Winter recreation is a rapidly growing activity, and advances in technology make it possible for increasing numbers of people to access remote backcountry terrain. Increased winter recreation may lead to more frequent conflict between recreationists, as well as greater potential disturbance to wildlife.
The sharp increase in the extent and popularity of winter recreation presents a challenge to land managers responsible for multiple-use lands with associated concern as to its impact on wildlife and the environment. Thus, managers face multiple challenges of reducing impacts to the environment and wildlife while also minimizing interpersonal conflict and still providing winter recreation opportunities.

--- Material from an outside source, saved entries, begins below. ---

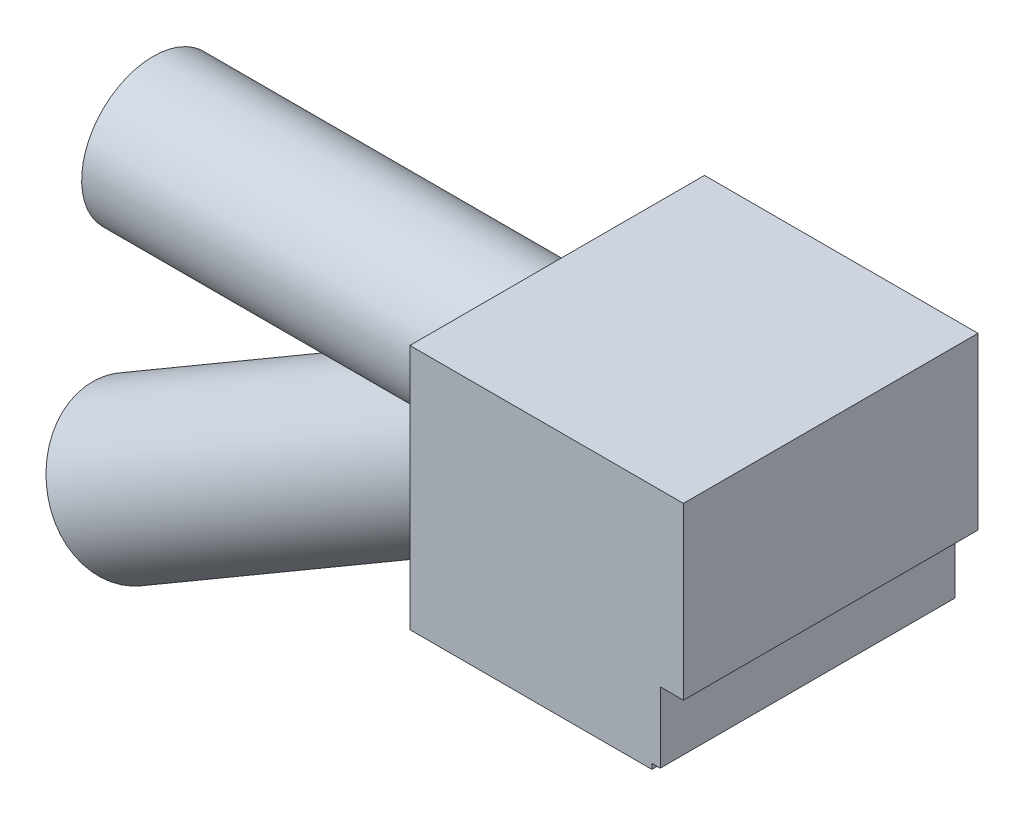
ISO-10303-21;
HEADER;
FILE_DESCRIPTION(('STEP AP214'),'2;1');
FILE_NAME('part.step','',(''),(''),'','','');
FILE_SCHEMA(('AUTOMOTIVE_DESIGN { 1 0 10303 214 1 1 1 1 }'));
ENDSEC;
DATA;
#1=APPLICATION_CONTEXT('core data for automotive mechanical design processes');
#2=APPLICATION_PROTOCOL_DEFINITION('international standard','automotive_design',2000,#1);
#3=PRODUCT_CONTEXT('',#1,'mechanical');
#4=PRODUCT('Part','Part','',(#3));
#5=PRODUCT_RELATED_PRODUCT_CATEGORY('part','',(#4));
#6=PRODUCT_DEFINITION_FORMATION('','',#4);
#7=PRODUCT_DEFINITION_CONTEXT('part definition',#1,'design');
#8=PRODUCT_DEFINITION('design','',#6,#7);
#9=PRODUCT_DEFINITION_SHAPE('','',#8);
#10=(LENGTH_UNIT() NAMED_UNIT(*) SI_UNIT(.MILLI.,.METRE.));
#11=(NAMED_UNIT(*) PLANE_ANGLE_UNIT() SI_UNIT($,.RADIAN.));
#12=(NAMED_UNIT(*) SI_UNIT($,.STERADIAN.) SOLID_ANGLE_UNIT());
#13=UNCERTAINTY_MEASURE_WITH_UNIT(LENGTH_MEASURE(1.E-05),#10,'distance_accuracy_value','');
#14=(GEOMETRIC_REPRESENTATION_CONTEXT(3) GLOBAL_UNCERTAINTY_ASSIGNED_CONTEXT((#13)) GLOBAL_UNIT_ASSIGNED_CONTEXT((#10,
#11,#12)) REPRESENTATION_CONTEXT('',''));
#15=CARTESIAN_POINT('',(0.,0.,0.));
#16=DIRECTION('',(0.,0.,1.));
#17=DIRECTION('',(1.,0.,0.));
#18=AXIS2_PLACEMENT_3D('',#15,#16,#17);
#19=CARTESIAN_POINT('',(161.,-35.5,-35.));
#20=DIRECTION('',(0.,-1.,0.));
#21=DIRECTION('',(0.,0.,-1.));
#22=AXIS2_PLACEMENT_3D('',#19,#20,#21);
#23=PLANE('',#22);
#24=DIRECTION('',(0.,0.,-1.));
#25=VECTOR('',#24,1.);
#26=CARTESIAN_POINT('',(153.5,-35.5,35.));
#27=LINE('',#26,#25);
#28=CARTESIAN_POINT('',(153.5,-35.5,35.));
#29=VERTEX_POINT('',#28);
#30=CARTESIAN_POINT('',(153.5,-35.5,-35.));
#31=VERTEX_POINT('',#30);
#32=EDGE_CURVE('E145',#29,#31,#27,.T.);
#33=ORIENTED_EDGE('',*,*,#32,.F.);
#34=DIRECTION('',(-1.,0.,0.));
#35=VECTOR('',#34,1.);
#36=CARTESIAN_POINT('',(161.,-35.5,35.));
#37=LINE('',#36,#35);
#38=CARTESIAN_POINT('',(96.,-35.5,35.));
#39=VERTEX_POINT('',#38);
#40=EDGE_CURVE('E158',#29,#39,#37,.T.);
#41=ORIENTED_EDGE('',*,*,#40,.T.);
#42=DIRECTION('',(0.,0.,1.));
#43=VECTOR('',#42,1.);
#44=CARTESIAN_POINT('',(96.,-35.5,-35.));
#45=LINE('',#44,#43);
#46=CARTESIAN_POINT('',(96.,-35.5,-35.));
#47=VERTEX_POINT('',#46);
#48=EDGE_CURVE('E239',#47,#39,#45,.T.);
#49=ORIENTED_EDGE('',*,*,#48,.F.);
#50=DIRECTION('',(-1.,0.,0.));
#51=VECTOR('',#50,1.);
#52=CARTESIAN_POINT('',(161.,-35.5,-35.));
#53=LINE('',#52,#51);
#54=EDGE_CURVE('E160',#31,#47,#53,.T.);
#55=ORIENTED_EDGE('',*,*,#54,.F.);
#56=EDGE_LOOP('',(#33,#41,#49,#55));
#57=FACE_BOUND('',#56,.T.);
#58=ADVANCED_FACE('F47',(#57),#23,.T.);
#59=CARTESIAN_POINT('',(96.,0.,0.));
#60=DIRECTION('',(-1.,0.,0.));
#61=DIRECTION('',(0.,0.,1.));
#62=AXIS2_PLACEMENT_3D('',#59,#60,#61);
#63=CYLINDRICAL_SURFACE('',#62,17.);
#64=CARTESIAN_POINT('',(96.,0.,0.));
#65=DIRECTION('',(1.,0.,0.));
#66=DIRECTION('',(0.,0.,-1.));
#67=AXIS2_PLACEMENT_3D('',#64,#65,#66);
#68=CIRCLE('',#67,17.);
#69=CARTESIAN_POINT('',(96.,-4.69691533545446,-16.3382675437628));
#70=VERTEX_POINT('',#69);
#71=CARTESIAN_POINT('',(96.,-4.69691533545446,16.3382675437628));
#72=VERTEX_POINT('',#71);
#73=EDGE_CURVE('E181',#70,#72,#68,.T.);
#74=ORIENTED_EDGE('',*,*,#73,.F.);
#75=CARTESIAN_POINT('',(96.,-4.69691533545448,-16.3382675437628));
#76=CARTESIAN_POINT('',(95.3768035131997,-4.90864242882102,-16.2773624464851));
#77=CARTESIAN_POINT('',(94.7528455649836,-5.11710335607281,-16.2130148300311));
#78=CARTESIAN_POINT('',(93.5038986398428,-5.52857564568684,-16.0773787658974));
#79=CARTESIAN_POINT('',(92.878909681072,-5.73158710293816,-16.0060904391732));
#80=CARTESIAN_POINT('',(91.6282779970139,-6.13328035518192,-15.856503933758));
#81=CARTESIAN_POINT('',(91.002635188403,-6.33196150253944,-15.7782047153525));
#82=CARTESIAN_POINT('',(89.751143370569,-6.72568659580777,-15.6144349661746));
#83=CARTESIAN_POINT('',(89.1252943600993,-6.9207305193047,-15.5289643912277));
#84=CARTESIAN_POINT('',(87.2354315876106,-7.50515813390683,-15.2596907299952));
#85=CARTESIAN_POINT('',(85.9715699467062,-7.88986162980734,-15.0645057412426));
#86=CARTESIAN_POINT('',(83.4466474989765,-8.64994947355856,-14.6412958582897));
#87=CARTESIAN_POINT('',(82.1855864399654,-9.02533469427932,-14.4132740537229));
#88=CARTESIAN_POINT('',(80.2013016473452,-9.61116838571357,-14.0246699326529));
#89=CARTESIAN_POINT('',(79.4764062780494,-9.82416206556634,-13.8764062278774));
#90=CARTESIAN_POINT('',(78.0287585798221,-10.2477978491737,-13.5665605429102));
#91=CARTESIAN_POINT('',(77.306006271192,-10.4584399307033,-13.4049784369664));
#92=CARTESIAN_POINT('',(75.8629247412258,-10.8775637584036,-13.067175736652));
#93=CARTESIAN_POINT('',(75.1425967472578,-11.086044496942,-12.8909486319386));
#94=CARTESIAN_POINT('',(73.7054295118602,-11.5007565157709,-12.522363234396));
#95=CARTESIAN_POINT('',(72.9885902039227,-11.7069878390379,-12.3300052503689));
#96=CARTESIAN_POINT('',(71.56269027101,-12.1161536982819,-11.9281465532747));
#97=CARTESIAN_POINT('',(70.8536089081119,-12.3190991907199,-11.7187309008527));
#98=CARTESIAN_POINT('',(69.4409780686424,-12.7225020306269,-11.2794909496142));
#99=CARTESIAN_POINT('',(68.7374290518986,-12.9229591720582,-11.0496649734844));
#100=CARTESIAN_POINT('',(67.3382281124436,-13.3208432165002,-10.5665982607287));
#101=CARTESIAN_POINT('',(66.6425700221168,-13.5182725356963,-10.3133774627581));
#102=CARTESIAN_POINT('',(65.2610983718102,-13.9096650657282,-9.77911463817882));
#103=CARTESIAN_POINT('',(64.5752825007004,-14.1036290929861,-9.49807926950357));
#104=CARTESIAN_POINT('',(63.5755861334499,-14.3859405458248,-9.05939134115952));
#105=CARTESIAN_POINT('',(63.2564041859541,-14.4760115922049,-8.91488467526907));
#106=CARTESIAN_POINT('',(62.6216364394691,-14.6550185921338,-8.61745916346286));
#107=CARTESIAN_POINT('',(62.3060507239782,-14.7439545193329,-8.46454012270467));
#108=CARTESIAN_POINT('',(61.6787556260204,-14.920622531397,-8.14909489384346));
#109=CARTESIAN_POINT('',(61.3670524949538,-15.0083526937101,-7.98655515965715));
#110=CARTESIAN_POINT('',(60.7489463625819,-15.1822183431645,-7.65088134667402));
#111=CARTESIAN_POINT('',(60.4425431352332,-15.2683538983279,-7.47774772114823));
#112=CARTESIAN_POINT('',(59.8413700506639,-15.4372612196273,-7.12243073819609));
#113=CARTESIAN_POINT('',(59.5464912776895,-15.5200651705356,-6.94044777880652));
#114=CARTESIAN_POINT('',(58.9646322424082,-15.6833723574817,-6.56308829329524));
#115=CARTESIAN_POINT('',(58.6776536235878,-15.7638751149289,-6.36770900937849));
#116=CARTESIAN_POINT('',(58.1145705901986,-15.9217561920743,-5.9619612550449));
#117=CARTESIAN_POINT('',(57.8384432376136,-15.9991411122731,-5.75162737340816));
#118=CARTESIAN_POINT('',(57.2997117931602,-16.1500563791864,-5.3131410701734));
#119=CARTESIAN_POINT('',(57.0370994122305,-16.2235890890645,-5.08499979171321));
#120=CARTESIAN_POINT('',(56.627332836863,-16.3382816096421,-4.69936421980443));
#121=CARTESIAN_POINT('',(56.4745333715274,-16.3810390251703,-4.54834213382224));
#122=CARTESIAN_POINT('',(56.1773435545633,-16.4641823382992,-4.23752342716372));
#123=CARTESIAN_POINT('',(56.0329544420344,-16.5045678864592,-4.07772552024727));
#124=CARTESIAN_POINT('',(55.754686493383,-16.5823835485323,-3.7487452540431));
#125=CARTESIAN_POINT('',(55.6207976518505,-16.6198164761147,-3.57957209714581));
#126=CARTESIAN_POINT('',(55.3659276511703,-16.6910608110485,-3.23111468011348));
#127=CARTESIAN_POINT('',(55.2449416924876,-16.7248735650282,-3.0518342178321));
#128=CARTESIAN_POINT('',(54.9717411070613,-16.8012150040484,-2.60568023233286));
#129=CARTESIAN_POINT('',(54.8274843731893,-16.8415147522294,-2.33340390822473));
#130=CARTESIAN_POINT('',(54.5818398096644,-16.9101281682711,-1.76862015700689));
#131=CARTESIAN_POINT('',(54.4803928059682,-16.9384583811701,-1.47614131047309));
#132=CARTESIAN_POINT('',(54.3426521038421,-16.9769212899776,-0.921581803309203));
#133=CARTESIAN_POINT('',(54.2988559072924,-16.9891495524583,-0.661542163734279));
#134=CARTESIAN_POINT('',(54.2547727483983,-17.0014579311671,-0.137584325907852));
#135=CARTESIAN_POINT('',(54.2544525278516,-17.0015473333665,0.126330753136556));
#136=CARTESIAN_POINT('',(54.2972727862391,-16.9895915777977,0.649862156378415));
#137=CARTESIAN_POINT('',(54.3403539373452,-16.9775629848133,0.909483857019315));
#138=CARTESIAN_POINT('',(54.4653857911363,-16.9426490065448,1.41843775111714));
#139=CARTESIAN_POINT('',(54.5473804648117,-16.9197513395617,1.66775795691053));
#140=CARTESIAN_POINT('',(54.7892554929759,-16.852194614065,2.26526000178069));
#141=CARTESIAN_POINT('',(54.9676256923517,-16.8023668966706,2.60529928230393));
#142=CARTESIAN_POINT('',(55.3726366086755,-16.6891889998211,3.25266003942016));
#143=CARTESIAN_POINT('',(55.5994001876492,-16.6258044009723,3.55989519631242));
#144=CARTESIAN_POINT('',(56.0663065970286,-16.495244045268,4.12103934960836));
#145=CARTESIAN_POINT('',(56.3039385007473,-16.4287742404571,4.37724722049356));
#146=CARTESIAN_POINT('',(56.7993648095779,-16.290139208285,4.86789760332107));
#147=CARTESIAN_POINT('',(57.0571776201118,-16.2179687812757,5.10231980995791));
#148=CARTESIAN_POINT('',(57.5881401691059,-16.0692692931921,5.55292573966941));
#149=CARTESIAN_POINT('',(57.8613278892075,-15.9927294306744,5.76906066861521));
#150=CARTESIAN_POINT('',(58.4186973230725,-15.8364951531452,6.18503747635537));
#151=CARTESIAN_POINT('',(58.7028746430183,-15.7568019985808,6.38488576950169));
#152=CARTESIAN_POINT('',(59.4485183114051,-15.5475908018085,6.88350439131372));
#153=CARTESIAN_POINT('',(59.9164691958994,-15.4161917454547,7.17177105434155));
#154=CARTESIAN_POINT('',(60.8674016327499,-15.1489317177499,7.72028143808541));
#155=CARTESIAN_POINT('',(61.3503912840434,-15.0130683399383,7.98050971047128));
#156=CARTESIAN_POINT('',(62.3281749709067,-14.7377476020049,8.4781947019027));
#157=CARTESIAN_POINT('',(62.8229905193312,-14.5982836480296,8.71560523199896));
#158=CARTESIAN_POINT('',(63.8207051217846,-14.3167697484384,9.17069363364851));
#159=CARTESIAN_POINT('',(64.3236025575353,-14.1747203197887,9.38837539903561));
#160=CARTESIAN_POINT('',(65.340079853242,-13.8872593258783,9.80863746095768));
#161=CARTESIAN_POINT('',(65.8537143136605,-13.7418293856021,10.0110724656994));
#162=CARTESIAN_POINT('',(66.8861134572471,-13.4491276841609,10.400979210801));
#163=CARTESIAN_POINT('',(67.4048783418694,-13.3018558506105,10.5884503609385));
#164=CARTESIAN_POINT('',(68.4459267343536,-13.0058799461495,10.9499580611024));
#165=CARTESIAN_POINT('',(68.9682054763846,-12.8571777296106,11.124009904939));
#166=CARTESIAN_POINT('',(70.0161263430186,-12.5583336239269,11.4603161341296));
#167=CARTESIAN_POINT('',(70.5417684622751,-12.4081917370705,11.6225705382318));
#168=CARTESIAN_POINT('',(71.5895094836945,-12.1083855595596,11.9345397357687));
#169=CARTESIAN_POINT('',(72.1115751595674,-11.958737176246,12.0843816898391));
#170=CARTESIAN_POINT('',(73.1579886449663,-11.6581995622465,12.3745696182059));
#171=CARTESIAN_POINT('',(73.6823365095904,-11.5073103015233,12.5149153618701));
#172=CARTESIAN_POINT('',(75.2583250835978,-11.0528134823542,12.9229021804158));
#173=CARTESIAN_POINT('',(76.3128434593999,-10.7473961307728,13.177473039461));
#174=CARTESIAN_POINT('',(78.4283518303098,-10.1313744772328,13.6567763014137));
#175=CARTESIAN_POINT('',(79.4893475678006,-9.82076494791804,13.8814763047311));
#176=CARTESIAN_POINT('',(81.6150135312395,-9.19420847530808,14.304172272754));
#177=CARTESIAN_POINT('',(82.6796836126815,-8.87826174005555,14.5021692756439));
#178=CARTESIAN_POINT('',(84.7669276003439,-8.25338497346279,14.8662988892582));
#179=CARTESIAN_POINT('',(85.7894074650441,-7.94471095861729,15.0334153272003));
#180=CARTESIAN_POINT('',(87.8353465503713,-7.3202640968382,15.347179409517));
#181=CARTESIAN_POINT('',(88.8588057728655,-7.00449123634516,15.4938270147904));
#182=CARTESIAN_POINT('',(90.3926323582327,-6.52426506494714,15.6991753759198));
#183=CARTESIAN_POINT('',(90.9031256184257,-6.3632740860414,15.7651237607255));
#184=CARTESIAN_POINT('',(91.9238459904132,-6.03861043848988,15.8923123364975));
#185=CARTESIAN_POINT('',(92.4340731032949,-5.8749377808894,15.9535525468499));
#186=CARTESIAN_POINT('',(93.454044744836,-5.54445893862278,16.071396767111));
#187=CARTESIAN_POINT('',(93.9637892769822,-5.3776527767815,16.128000810774));
#188=CARTESIAN_POINT('',(94.9825282866082,-5.04026991351415,16.2365922948268));
#189=CARTESIAN_POINT('',(95.4915227543077,-4.86969316337765,16.2885796755325));
#190=CARTESIAN_POINT('',(96.,-4.69691533545448,16.3382675437628));
#191=B_SPLINE_CURVE_WITH_KNOTS('',3,(#75,#76,#77,#78,#79,#80,#81,#82,#83,#84,#85,#86,#87,#88,
#89,#90,#91,#92,#93,#94,#95,#96,#97,#98,#99,#100,#101,#102,#103,#104,#105,#106,#107,#108,#109,
#110,#111,#112,#113,#114,#115,#116,#117,#118,#119,#120,#121,#122,#123,#124,#125,#126,#127,#128,
#129,#130,#131,#132,#133,#134,#135,#136,#137,#138,#139,#140,#141,#142,#143,#144,#145,#146,#147,
#148,#149,#150,#151,#152,#153,#154,#155,#156,#157,#158,#159,#160,#161,#162,#163,#164,#165,#166,
#167,#168,#169,#170,#171,#172,#173,#174,#175,#176,#177,#178,#179,#180,#181,#182,#183,#184,#185,
#186,#187,#188,#189,#190),.UNSPECIFIED.,.F.,.F.,(4,2,2,2,2,2,2,2,2,2,2,2,2,2,2,2,2,2,2,2,2,2,2,
2,2,2,2,2,2,2,2,2,2,2,2,2,2,2,2,2,2,2,2,2,2,2,2,2,2,2,2,2,2,2,2,2,2,4),(0.,1.98294508183663,
3.96585561314743,5.94906069846128,7.93227800095339,11.9382118913514,15.9437691072626,
18.2535143611205,20.5632814260476,22.874080833195,25.184836013569,27.4847013073626,
29.7847557785074,32.082867758687,34.3804309674884,35.4656251893609,36.5508445564497,
37.637630059093,38.724369094923,39.7928876749749,40.8616268867583,41.9279699220768,
42.9936509523474,43.6505200062849,44.3074855934105,44.9638173723566,45.6199041552115,
46.5490333075269,47.4768739242061,48.2652158298953,49.0529546672982,49.839618158356,
50.6271726772376,51.7821442609182,52.9400837535911,54.0056378290376,55.072175296294,
56.1414742144482,57.2103499424332,58.9043592639098,60.5992972127451,62.2975969118154,
63.9955606869796,65.7080656054269,67.4206380372018,69.1312288993675,70.8418170430484,
72.5318682465058,74.2219604811173,77.6023631148849,80.986402914517,84.3703111083089,
87.6132475700956,90.8561902267161,92.4741412323211,94.0920855755782,95.710018138071,
97.3279716140884),.UNSPECIFIED.);
#192=EDGE_CURVE('E235',#70,#72,#191,.T.);
#193=ORIENTED_EDGE('',*,*,#192,.T.);
#194=EDGE_LOOP('',(#74,#193));
#195=FACE_BOUND('',#194,.T.);
#196=CARTESIAN_POINT('',(0.,0.,0.));
#197=DIRECTION('',(1.,0.,0.));
#198=DIRECTION('',(0.,0.,-1.));
#199=AXIS2_PLACEMENT_3D('',#196,#197,#198);
#200=CIRCLE('',#199,17.);
#201=CARTESIAN_POINT('',(0.,0.,-17.));
#202=VERTEX_POINT('',#201);
#203=EDGE_CURVE('E186',#202,#202,#200,.T.);
#204=ORIENTED_EDGE('',*,*,#203,.T.);
#205=EDGE_LOOP('',(#204));
#206=FACE_BOUND('',#205,.T.);
#207=ADVANCED_FACE('F256',(#195,#206),#63,.T.);
#208=CARTESIAN_POINT('',(0.,0.,0.));
#209=DIRECTION('',(1.,0.,0.));
#210=DIRECTION('',(0.,0.,-1.));
#211=AXIS2_PLACEMENT_3D('',#208,#209,#210);
#212=PLANE('',#211);
#213=ORIENTED_EDGE('',*,*,#203,.F.);
#214=EDGE_LOOP('',(#213));
#215=FACE_BOUND('',#214,.T.);
#216=ADVANCED_FACE('F274',(#215),#212,.F.);
#217=CARTESIAN_POINT('',(161.,23.,-35.));
#218=DIRECTION('',(0.,0.,-1.));
#219=DIRECTION('',(0.,1.,0.));
#220=AXIS2_PLACEMENT_3D('',#217,#218,#219);
#221=PLANE('',#220);
#222=DIRECTION('',(1.,0.,0.));
#223=VECTOR('',#222,1.);
#224=CARTESIAN_POINT('',(153.5,-34.25,-35.));
#225=LINE('',#224,#223);
#226=CARTESIAN_POINT('',(153.5,-34.25,-35.));
#227=VERTEX_POINT('',#226);
#228=CARTESIAN_POINT('',(155.5,-34.25,-35.));
#229=VERTEX_POINT('',#228);
#230=EDGE_CURVE('E360',#227,#229,#225,.T.);
#231=ORIENTED_EDGE('',*,*,#230,.F.);
#232=DIRECTION('',(0.,1.,0.));
#233=VECTOR('',#232,1.);
#234=CARTESIAN_POINT('',(153.5,-35.5,-35.));
#235=LINE('',#234,#233);
#236=EDGE_CURVE('E162',#31,#227,#235,.T.);
#237=ORIENTED_EDGE('',*,*,#236,.F.);
#238=ORIENTED_EDGE('',*,*,#54,.T.);
#239=DIRECTION('',(0.,-1.,0.));
#240=VECTOR('',#239,1.);
#241=CARTESIAN_POINT('',(96.,23.,-35.));
#242=LINE('',#241,#240);
#243=CARTESIAN_POINT('',(96.,23.,-35.));
#244=VERTEX_POINT('',#243);
#245=EDGE_CURVE('E343',#244,#47,#242,.T.);
#246=ORIENTED_EDGE('',*,*,#245,.F.);
#247=DIRECTION('',(-1.,0.,0.));
#248=VECTOR('',#247,1.);
#249=CARTESIAN_POINT('',(161.,23.,-35.));
#250=LINE('',#249,#248);
#251=CARTESIAN_POINT('',(161.,23.,-35.));
#252=VERTEX_POINT('',#251);
#253=EDGE_CURVE('E174',#252,#244,#250,.T.);
#254=ORIENTED_EDGE('',*,*,#253,.F.);
#255=DIRECTION('',(0.,-1.,0.));
#256=VECTOR('',#255,1.);
#257=CARTESIAN_POINT('',(161.,23.,-35.));
#258=LINE('',#257,#256);
#259=CARTESIAN_POINT('',(161.,-17.5,-35.));
#260=VERTEX_POINT('',#259);
#261=EDGE_CURVE('E170',#252,#260,#258,.T.);
#262=ORIENTED_EDGE('',*,*,#261,.T.);
#263=DIRECTION('',(1.,0.,0.));
#264=VECTOR('',#263,1.);
#265=CARTESIAN_POINT('',(155.5,-17.5,-35.));
#266=LINE('',#265,#264);
#267=CARTESIAN_POINT('',(155.5,-17.5,-35.));
#268=VERTEX_POINT('',#267);
#269=EDGE_CURVE('E244',#268,#260,#266,.T.);
#270=ORIENTED_EDGE('',*,*,#269,.F.);
#271=DIRECTION('',(0.,1.,0.));
#272=VECTOR('',#271,1.);
#273=CARTESIAN_POINT('',(155.5,-35.5,-35.));
#274=LINE('',#273,#272);
#275=EDGE_CURVE('E339',#229,#268,#274,.T.);
#276=ORIENTED_EDGE('',*,*,#275,.F.);
#277=EDGE_LOOP('',(#231,#237,#238,#246,#254,#262,#270,#276));
#278=FACE_BOUND('',#277,.T.);
#279=ADVANCED_FACE('F270',(#278),#221,.T.);
#280=CARTESIAN_POINT('',(161.,23.,35.));
#281=DIRECTION('',(0.,1.,0.));
#282=DIRECTION('',(0.,0.,1.));
#283=AXIS2_PLACEMENT_3D('',#280,#281,#282);
#284=PLANE('',#283);
#285=DIRECTION('',(0.,0.,-1.));
#286=VECTOR('',#285,1.);
#287=CARTESIAN_POINT('',(96.,23.,35.));
#288=LINE('',#287,#286);
#289=CARTESIAN_POINT('',(96.,23.,35.));
#290=VERTEX_POINT('',#289);
#291=EDGE_CURVE('E347',#290,#244,#288,.T.);
#292=ORIENTED_EDGE('',*,*,#291,.F.);
#293=DIRECTION('',(-1.,0.,0.));
#294=VECTOR('',#293,1.);
#295=CARTESIAN_POINT('',(161.,23.,35.));
#296=LINE('',#295,#294);
#297=CARTESIAN_POINT('',(161.,23.,35.));
#298=VERTEX_POINT('',#297);
#299=EDGE_CURVE('E169',#298,#290,#296,.T.);
#300=ORIENTED_EDGE('',*,*,#299,.F.);
#301=DIRECTION('',(0.,0.,-1.));
#302=VECTOR('',#301,1.);
#303=CARTESIAN_POINT('',(161.,23.,35.));
#304=LINE('',#303,#302);
#305=EDGE_CURVE('E177',#298,#252,#304,.T.);
#306=ORIENTED_EDGE('',*,*,#305,.T.);
#307=ORIENTED_EDGE('',*,*,#253,.T.);
#308=EDGE_LOOP('',(#292,#300,#306,#307));
#309=FACE_BOUND('',#308,.T.);
#310=ADVANCED_FACE('F273',(#309),#284,.T.);
#311=CARTESIAN_POINT('',(161.,-35.5,35.));
#312=DIRECTION('',(0.,0.,1.));
#313=DIRECTION('',(0.,-1.,0.));
#314=AXIS2_PLACEMENT_3D('',#311,#312,#313);
#315=PLANE('',#314);
#316=DIRECTION('',(1.,0.,0.));
#317=VECTOR('',#316,1.);
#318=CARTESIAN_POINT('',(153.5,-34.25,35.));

One way in which the likelihood of interpersonal conflict may be minimized is to reduce the time that motorized and nonmotorized users are funneled into a single shared-use access area or travel corridor since our results show that the conditions that motorized and non-motorized users select are fairly distinct, and thus recreationists may self-select areas that reduce co-occurrence between the two types. Alternatively, if active zoning is required to separate users to reduce conflict or for safety, the conditions that each recreation type favors should be considered.
Our results underscore the importance of road and road-access management in affecting the spatial footprint of winter recreation. Decisions about the placement or density of roads need careful assessment as they can influence the movements of winter recreationists relative to wildlife or each other. Management practices that lower tree density and increase forest patchiness will also influence motorized and non-motorized recreation at fine spatial scales.